Some games limit what monsters can be picked for OOD. In this case there would be an additional flag that the object picking code would need to honor (more branching), or distinct tables for OOD objects (more memory, possible duplication and desync of the same data). Distinct tables would offer the possibility of unique monsters or items or vaults in the special OOD table, as opposed to "Troll, only sooner than expected".
Metatables
Here one roll for a table to roll on, recursing until (hopefully) an item is found. These could be arranged in various ways, for example by item type,
potion 40
scroll 30
weapon 10
staff 1
where Mages of course get the short end of the stick. When the RNG turns up, say, a scroll another loot table would be consulted to pick a particular scroll which in turn have their various level limits and weighting.
Another way to arrange the tables would be by rarity, so
common 100
rare 10
legendary 1
would most likely pick "common" items (90.09% of the time). What is in the "common" table could vary; it might be a list of objects, or another metatable to roll on. Too many lookups will slow the code down, and too many tables may be a headache to maintain, but it may make sense for your game design to know the odds of a legendary item are (which could increase with depth as common items fall off the level limit) and to be able to easily tune the value.

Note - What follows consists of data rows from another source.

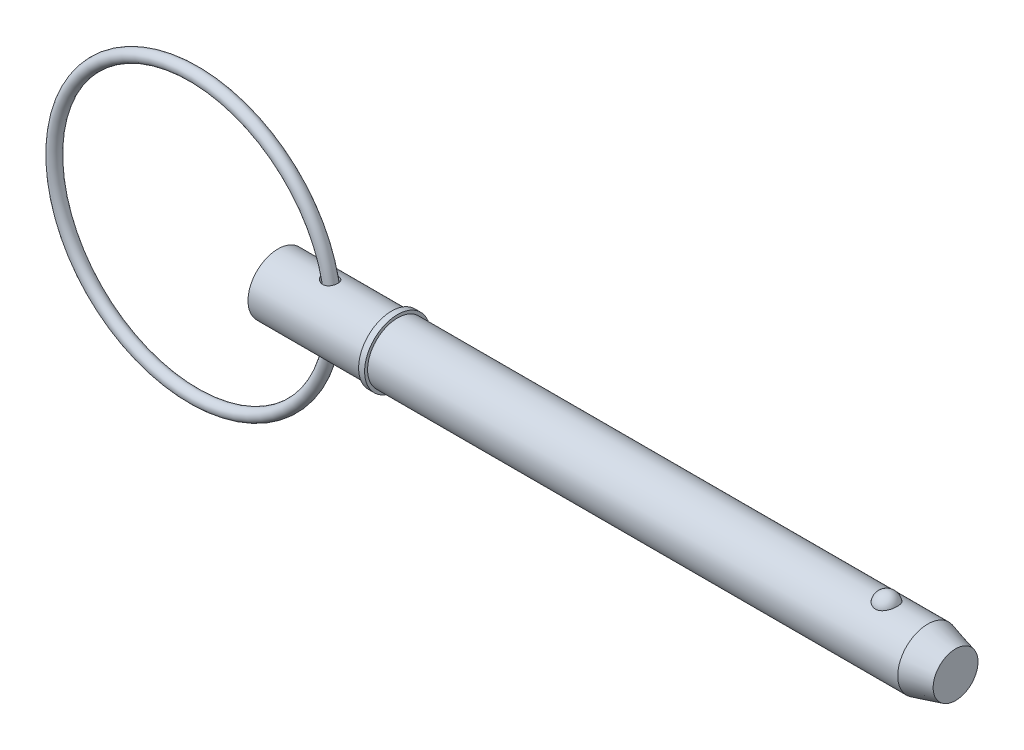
ISO-10303-21;
HEADER;
FILE_DESCRIPTION(('STEP AP214'),'2;1');
FILE_NAME('part.step','',(''),(''),'','','');
FILE_SCHEMA(('AUTOMOTIVE_DESIGN { 1 0 10303 214 1 1 1 1 }'));
ENDSEC;
DATA;
#1=APPLICATION_CONTEXT('core data for automotive mechanical design processes');
#2=APPLICATION_PROTOCOL_DEFINITION('international standard','automotive_design',2000,#1);
#3=PRODUCT_CONTEXT('',#1,'mechanical');
#4=PRODUCT('Part','Part','',(#3));
#5=PRODUCT_RELATED_PRODUCT_CATEGORY('part','',(#4));
#6=PRODUCT_DEFINITION_FORMATION('','',#4);
#7=PRODUCT_DEFINITION_CONTEXT('part definition',#1,'design');
#8=PRODUCT_DEFINITION('design','',#6,#7);
#9=PRODUCT_DEFINITION_SHAPE('','',#8);
#10=(LENGTH_UNIT() NAMED_UNIT(*) SI_UNIT(.MILLI.,.METRE.));
#11=(NAMED_UNIT(*) PLANE_ANGLE_UNIT() SI_UNIT($,.RADIAN.));
#12=(NAMED_UNIT(*) SI_UNIT($,.STERADIAN.) SOLID_ANGLE_UNIT());
#13=UNCERTAINTY_MEASURE_WITH_UNIT(LENGTH_MEASURE(1.E-05),#10,'distance_accuracy_value','');
#14=(GEOMETRIC_REPRESENTATION_CONTEXT(3) GLOBAL_UNCERTAINTY_ASSIGNED_CONTEXT((#13)) GLOBAL_UNIT_ASSIGNED_CONTEXT((#10,
#11,#12)) REPRESENTATION_CONTEXT('',''));
#15=CARTESIAN_POINT('',(0.,0.,0.));
#16=DIRECTION('',(0.,0.,1.));
#17=DIRECTION('',(1.,0.,0.));
#18=AXIS2_PLACEMENT_3D('',#15,#16,#17);
#19=CARTESIAN_POINT('',(-13.4013067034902,0.,0.));
#20=DIRECTION('',(0.,0.,1.));
#21=DIRECTION('',(1.,0.,0.));
#22=AXIS2_PLACEMENT_3D('',#19,#20,#21);
#23=TOROIDAL_SURFACE('',#22,22.225,0.952999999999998);
#24=CARTESIAN_POINT('',(9.77669329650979,0.,0.));
#25=VERTEX_POINT('',#24);
#26=VERTEX_LOOP('',#25);
#27=FACE_BOUND('',#26,.T.);
#28=ADVANCED_FACE('P0_F12',(#27),#23,.T.);
#29=CLOSED_SHELL('',(#28));
#30=MANIFOLD_SOLID_BREP('P0_B1',#29);
#31=CARTESIAN_POINT('',(0.,0.,0.));
#32=DIRECTION('',(1.,0.,0.));
#33=DIRECTION('',(0.,0.,-1.));
#34=AXIS2_PLACEMENT_3D('',#31,#32,#33);
#35=CYLINDRICAL_SURFACE('',#34,4.765);
#36=CARTESIAN_POINT('',(7.48459594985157,4.685973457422,-0.864220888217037));
#37=CARTESIAN_POINT('',(7.53849733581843,4.67711144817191,-0.912273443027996));
#38=CARTESIAN_POINT('',(7.59654891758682,4.66833039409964,-0.955745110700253));
#39=CARTESIAN_POINT('',(7.71924602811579,4.65195567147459,-1.03251233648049));
#40=CARTESIAN_POINT('',(7.78389917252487,4.64436340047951,-1.06579596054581));
#41=CARTESIAN_POINT('',(7.91808098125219,4.63129108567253,-1.12124172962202));
#42=CARTESIAN_POINT('',(7.98761280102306,4.62581242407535,-1.14339659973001));
#43=CARTESIAN_POINT('',(8.12956198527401,4.61771699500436,-1.17566870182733));
#44=CARTESIAN_POINT('',(8.20197774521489,4.61509865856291,-1.18579253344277));
#45=CARTESIAN_POINT('',(8.34550810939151,4.6131791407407,-1.19323853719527));
#46=CARTESIAN_POINT('',(8.41660306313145,4.61378793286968,-1.19090812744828));
#47=CARTESIAN_POINT('',(8.55721866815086,4.61812874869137,-1.17396277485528));
#48=CARTESIAN_POINT('',(8.62673979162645,4.62185982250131,-1.15935156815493));
#49=CARTESIAN_POINT('',(8.75801373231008,4.63172632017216,-1.11925454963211));
#50=CARTESIAN_POINT('',(8.81998342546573,4.63771186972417,-1.09443918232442));
#51=CARTESIAN_POINT('',(8.93863698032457,4.65140179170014,-1.03470792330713));
#52=CARTESIAN_POINT('',(8.99532131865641,4.65910600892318,-0.999792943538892));
#53=CARTESIAN_POINT('',(9.10080884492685,4.67519705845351,-0.921583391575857));
#54=CARTESIAN_POINT('',(9.14973848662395,4.68356861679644,-0.878455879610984));
#55=CARTESIAN_POINT('',(9.23971126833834,4.70019813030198,-0.784620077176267));
#56=CARTESIAN_POINT('',(9.28075401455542,4.7084560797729,-0.733911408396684));
#57=CARTESIAN_POINT('',(9.35441071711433,4.7240688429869,-0.62563775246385));
#58=CARTESIAN_POINT('',(9.38691359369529,4.73141115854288,-0.567995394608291));
#59=CARTESIAN_POINT('',(9.44203216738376,4.74427907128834,-0.447974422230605));
#60=CARTESIAN_POINT('',(9.46464743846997,4.74980459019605,-0.385595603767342));
#61=CARTESIAN_POINT('',(9.49961110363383,4.75848927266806,-0.257248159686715));
#62=CARTESIAN_POINT('',(9.51186382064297,4.76162635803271,-0.191251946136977));
#63=CARTESIAN_POINT('',(9.52545294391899,4.76511165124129,-0.0580729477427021));
#64=CARTESIAN_POINT('',(9.52678936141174,4.76545986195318,0.00910983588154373));
#65=CARTESIAN_POINT('',(9.51851557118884,4.76333054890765,0.142723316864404));
#66=CARTESIAN_POINT('',(9.50891008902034,4.76085424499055,0.209154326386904));
#67=CARTESIAN_POINT('',(9.47899306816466,4.75334441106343,0.339411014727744));
#68=CARTESIAN_POINT('',(9.45868126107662,4.74831081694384,0.403236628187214));
#69=CARTESIAN_POINT('',(9.4078294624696,4.73622777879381,0.526509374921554));
#70=CARTESIAN_POINT('',(9.37728413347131,4.72917728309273,0.585954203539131));
#71=CARTESIAN_POINT('',(9.30671117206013,4.71383320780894,0.698745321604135));
#72=CARTESIAN_POINT('',(9.26668347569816,4.70553961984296,0.752091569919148));
#73=CARTESIAN_POINT('',(9.17821531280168,4.68864637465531,0.851083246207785));
#74=CARTESIAN_POINT('',(9.12978756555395,4.68004719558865,0.896740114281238));
#75=CARTESIAN_POINT('',(9.02575872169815,4.66350833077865,0.97912505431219));
#76=CARTESIAN_POINT('',(8.97015856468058,4.65556855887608,1.01585429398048));
#77=CARTESIAN_POINT('',(8.85409306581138,4.6413534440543,1.0789347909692));
#78=CARTESIAN_POINT('',(8.79369898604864,4.63505812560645,1.10541268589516));
#79=CARTESIAN_POINT('',(8.66918290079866,4.62469916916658,1.1479836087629));
#80=CARTESIAN_POINT('',(8.60506121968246,4.62063533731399,1.1640775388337));
#81=CARTESIAN_POINT('',(8.47537782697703,4.61517348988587,1.18554696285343));
#82=CARTESIAN_POINT('',(8.4098281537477,4.61375835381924,1.19099130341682));
#83=CARTESIAN_POINT('',(8.2786938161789,4.61362908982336,1.19149080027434));
#84=CARTESIAN_POINT('',(8.21310914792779,4.61491539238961,1.18654430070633));
#85=CARTESIAN_POINT('',(8.08152457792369,4.62006017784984,1.16635311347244));
#86=CARTESIAN_POINT('',(8.01557748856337,4.62399895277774,1.15078675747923));
#87=CARTESIAN_POINT('',(7.88704537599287,4.63403793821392,1.10966738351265));
#88=CARTESIAN_POINT('',(7.82446148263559,4.64013886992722,1.08411103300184));
#89=CARTESIAN_POINT('',(7.70057947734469,4.65423592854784,1.02195168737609));
#90=CARTESIAN_POINT('',(7.63957197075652,4.66232221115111,0.984788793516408));
#91=CARTESIAN_POINT('',(7.52457021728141,4.67924552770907,0.900950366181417));
#92=CARTESIAN_POINT('',(7.47057819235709,4.68808279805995,0.854271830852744));
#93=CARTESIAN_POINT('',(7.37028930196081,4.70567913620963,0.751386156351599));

Legendary items could also be implemented by setting the weight really low compared to other items, but then you would need to run a monte carlo simulation (or to calculate the odds by other, more efficient means) to see what the odds are of "Axe d'Flambe, weight 1" spawning given all the other items, level limits, OOD rolls, boss drops, etc., involved.
(load "lootgen")
(defparameter *common*
(list
(make-looty :object 'rock :min 1 :max 30 :weight 10)
(make-looty :object 'stick :min 1 :max 30 :weight 5)))
(defparameter *rare*
(list
(make-looty :object 'string :min 1 :max 30 :weight 9)
(make-looty :object 'teacup :min 1 :max 30 :weight 3)))
(defparameter *legendary*
(list
(make-looty :object 'signed-copy-geb :min 1 :max 30 :weight 100)
(make-looty :object 'flaming-axe :min 1 :max 30 :weight 1)))
(defparameter *by-rarity*
(list
(make-looty :object *common* :min 1 :max 30 :weight 100)
(make-looty :object *rare* :min 5 :max 30 :weight 10)
(make-looty :object *legendary* :min 10 :max 30 :weight 1)))
(defun reclootgen (&key level lootylist)
(let ((loot (lootgen :level level :lootylist lootylist)))
(typecase loot
(list (reclootgen :level level :lootylist loot))
(t loot))))
(reclootgen :level 11 :lootylist *by-rarity*)
Note that there are duplicated level checks here. There may be better designs that avoid the duplicate "okay for this level?" checks, but as usual I'm making all this up as I go along.
Metatables would also be an easy way to apply seasonal adjustments, so around a solstice the *by-rarity* table might have some odds of a solstice table to roll on.
The "if list, pick randomly from it; if atom, return it" pattern can also be found in such texts as "Paradigms of Artificial Intelligence Programming" (PAIP) or what passed for AI in those days. Graph search, baby!